What to work on:
Every line that holds the word "SystemSampleTime" needs to be copied from the data below.

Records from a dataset
+--
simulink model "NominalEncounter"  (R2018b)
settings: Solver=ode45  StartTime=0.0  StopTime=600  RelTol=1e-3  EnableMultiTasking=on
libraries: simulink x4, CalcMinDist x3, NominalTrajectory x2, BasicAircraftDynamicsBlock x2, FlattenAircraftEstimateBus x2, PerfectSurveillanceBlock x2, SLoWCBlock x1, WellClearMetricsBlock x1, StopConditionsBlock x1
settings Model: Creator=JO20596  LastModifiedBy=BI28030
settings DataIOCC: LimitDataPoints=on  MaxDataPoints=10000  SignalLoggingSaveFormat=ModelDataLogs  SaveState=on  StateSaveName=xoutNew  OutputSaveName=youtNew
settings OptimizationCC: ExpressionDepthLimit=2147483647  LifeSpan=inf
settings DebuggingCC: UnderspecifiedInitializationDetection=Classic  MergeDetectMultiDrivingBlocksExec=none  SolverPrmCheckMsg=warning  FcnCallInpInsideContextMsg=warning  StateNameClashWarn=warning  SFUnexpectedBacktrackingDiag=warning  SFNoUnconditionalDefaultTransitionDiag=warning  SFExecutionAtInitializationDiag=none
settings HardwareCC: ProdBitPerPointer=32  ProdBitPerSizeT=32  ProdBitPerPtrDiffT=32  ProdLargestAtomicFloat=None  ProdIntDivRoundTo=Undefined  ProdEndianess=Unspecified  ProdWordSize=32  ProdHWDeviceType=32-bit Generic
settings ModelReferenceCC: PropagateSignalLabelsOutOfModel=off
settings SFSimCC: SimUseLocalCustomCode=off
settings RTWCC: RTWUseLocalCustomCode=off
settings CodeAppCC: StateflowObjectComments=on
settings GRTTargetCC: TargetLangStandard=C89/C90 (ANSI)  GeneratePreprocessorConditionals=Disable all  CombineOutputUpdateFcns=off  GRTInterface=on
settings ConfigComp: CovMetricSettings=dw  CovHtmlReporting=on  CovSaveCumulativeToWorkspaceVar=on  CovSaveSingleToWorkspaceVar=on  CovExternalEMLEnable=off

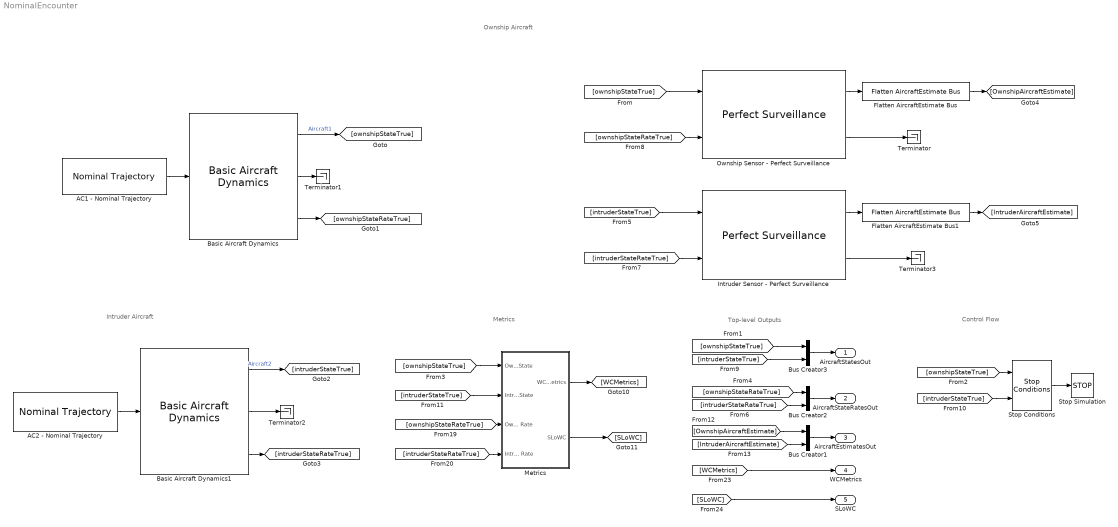
== system NominalEncounter ==
  note: Metrics
  note: Control Flow
  note: Top-level Outputs
  note: Ownship Aircraft
  note: Intruder Aircraft
  AC1 - Nominal Trajectory : NominalTrajectory/Nominal Trajectory  eventFilename=event1.mat  ts=.1
  AC2 - Nominal Trajectory : NominalTrajectory/Nominal Trajectory  eventFilename=event2.mat  ts=.1
  Basic Aircraft Dynamics : BasicAircraftDynamicsBlock/Basic Aircraft Dynamics  ts_dynamics=.1  v_ftps_0=ac1dyn_v_ftps  N_ft_0=ac1dyn_N_ft  E_ft_0=ac1dyn_E_ft  h_ft_0=ac1dyn_h_ft  psi_rad_0=ac1dyn_psi_rad  theta_rad_0=ac1dyn_theta_rad  phi_rad_0=ac1dyn_phi_rad  a_ftpss_0=ac1dyn_a_ftpss  v_ftps_max=ac1dyn_con.maxAirspeed_ftps  v_ftps_min=ac1dyn_con.minAirspeed_ftps  dv_ftpss_max=ac1dyn_con.maxAcceleration_ftpss  dv_ftpss_min=ac1dyn_con.minAcceleration_ftpss  dh_ftps_max=ac1dyn_con.maxVerticalRate_ftps  dh_ftps_min=ac1dyn_con.minVerticalRate_ftps  q_radps_max=ac1dyn_con.maxPitchRate_radps  phi_rad_max=ac1dyn_con.maxBankAngle_rad  dphi_radps_max=ac1dyn_con.maxRollRate_radps  r_radps_max=ac1dyn_con.maxYawRate_radps  pNUM=ac1dyn_con.dynamicsNumeratorRollRate  pDEN=ac1dyn_con.dynamicsDenominatorRollRate  hNUM=ac1dyn_con.dynamicsNumeratorVerticalRate  hDEN=ac1dyn_con.dynamicsDenominatorVerticalRate  rNUM=ac1dyn_con.dynamicsNumeratorYawRate  rDEN=ac1dyn_con.dynamicsDenominatorYawRate  lat0_rad=ac1dyn_lat0_rad  lon0_rad=ac1dyn_lon0_rad  alt_ft=ac1dyn_alt0_ft
  Basic Aircraft Dynamics1 : BasicAircraftDynamicsBlock/Basic Aircraft Dynamics  ts_dynamics=.1  v_ftps_0=ac2dyn_v_ftps  N_ft_0=ac2dyn_N_ft  E_ft_0=ac2dyn_E_ft  h_ft_0=ac2dyn_h_ft  psi_rad_0=ac2dyn_psi_rad  theta_rad_0=ac2dyn_theta_rad  phi_rad_0=ac2dyn_phi_rad  a_ftpss_0=ac2dyn_a_ftpss  v_ftps_max=ac2dyn_con.maxAirspeed_ftps  v_ftps_min=ac2dyn_con.minAirspeed_ftps  dv_ftpss_max=ac2dyn_con.maxAcceleration_ftpss  dv_ftpss_min=ac2dyn_con.minAcceleration_ftpss  dh_ftps_max=ac2dyn_con.maxVerticalRate_ftps  dh_ftps_min=ac2dyn_con.minVerticalRate_ftps  q_radps_max=ac2dyn_con.maxPitchRate_radps  phi_rad_max=ac2dyn_con.maxBankAngle_rad  dphi_radps_max=ac2dyn_con.maxRollRate_radps  r_radps_max=ac2dyn_con.maxYawRate_radps  pNUM=ac2dyn_con.dynamicsNumeratorRollRate  pDEN=ac2dyn_con.dynamicsDenominatorRollRate  hNUM=ac2dyn_con.dynamicsNumeratorVerticalRate  hDEN=ac2dyn_con.dynamicsDenominatorVerticalRate  rNUM=ac2dyn_con.dynamicsNumeratorYawRate  rDEN=ac2dyn_con.dynamicsDenominatorYawRate  lat0_rad=ac2dyn_lat0_rad  lon0_rad=ac2dyn_lon0_rad  alt_ft=ac2dyn_alt0_ft
  Bus Creator1 : BusCreator  Inputs=2
  Bus Creator2 : BusCreator  Inputs=2
  Bus Creator3 : BusCreator  Inputs=2
  Flatten AircraftEstimate Bus : FlattenAircraftEstimateBus/Flatten AircraftEstimate Bus  SystemSampleTime=-1
  Flatten AircraftEstimate Bus1 : FlattenAircraftEstimateBus/Flatten AircraftEstimate Bus  SystemSampleTime=-1
  Intruder Sensor - Perfect Surveillance : PerfectSurveillanceBlock/Perfect Surveillance  Description=|  dt=ac1IntPerfSurv_surveillanceSampletime_s
      | Documentation for Perfect Observation Block                                                                                                                                                                                                                                                                                                                                                                                                          
      |                                                                                                                                                                                                                                                                                                                                                                                                                                                      
      | Description:  The perfect observation block, also known as a perfect                                                                                                                                                                                                                                                                                                                                                                                 
      | surveillance block, receives an Aircraft State, nominally from a Basic                                                                                                                                                                                                                                                                                                                                                                               
      | Aircraft Dynamics block, and outputs an Aircraft Estimate.  The Aircraft                                                                                                                                                                                                                                                                                                                                                                             
      | State that is received as input consists of Latitude, Longitude, and                                                                                                                                                                                                                                                                                                                                                                                 
      | Altitude state information as well as the aircraft position in local                                                                                                                                                                                                                                                                                                                                                                                 
      | coordinates in units of feet for north, east, and height.  The Aircraft                                                                                                                                                                                                                                                                                                                                                                              
      | Estimate outputs consist of estimates for the aircraft Latitude, Longitude, and Altitude, the east, north up position, and sensor covariance.  For perfect surveillance, the covariance estimates are all set to zero as default.  In addition, "time of validity" and a Boolean flag for the sensor report, "is Valid", are outputted as part of the Aircraft Estimate.                                                                             
      |                                                                                                                                                                                                                                                                                                                                                                                                                                                      
      | The initial perfect surveillance block developed receives the aircraft state information from the "AC2 - Basic Aircraft Dynamics" block within the "nominalEncounter" study.  Since the expected output from the AC1 and AC2 aircraft states have slightly different output parameters than what is provided from the perfect surveillance block (i.e., covariance estimates, isValid, and time of validity), the perfect surveillance block         
      | AircraftEstimate output has been left disconnected.                                                                                                                                                                                                                                                                                                                                                                                                  
      |                                                                                                                                                                                                                                                                                                                                                                                                                                                      
      | The initial unit test performed for this perfect observation block was to                                                                                                                                                                                                                                                                                                                                                                            
      | run the nominalEncounter study and to ensure that the simulation completes and no exceptions are encountered.  This unit test was successful (other than receiving a warning that the output of the perfect surveillance block is not connected, which was expected).  A more comprehensive future unit test would be to evaluate the position inputs and compare them with the position outputs to ensure that they are consistent with one another.
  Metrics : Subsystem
+--
Response to the task:
  Flatten AircraftEstimate Bus : FlattenAircraftEstimateBus/Flatten AircraftEstimate Bus  SystemSampleTime=-1
  Flatten AircraftEstimate Bus1 : FlattenAircraftEstimateBus/Flatten AircraftEstimate Bus  SystemSampleTime=-1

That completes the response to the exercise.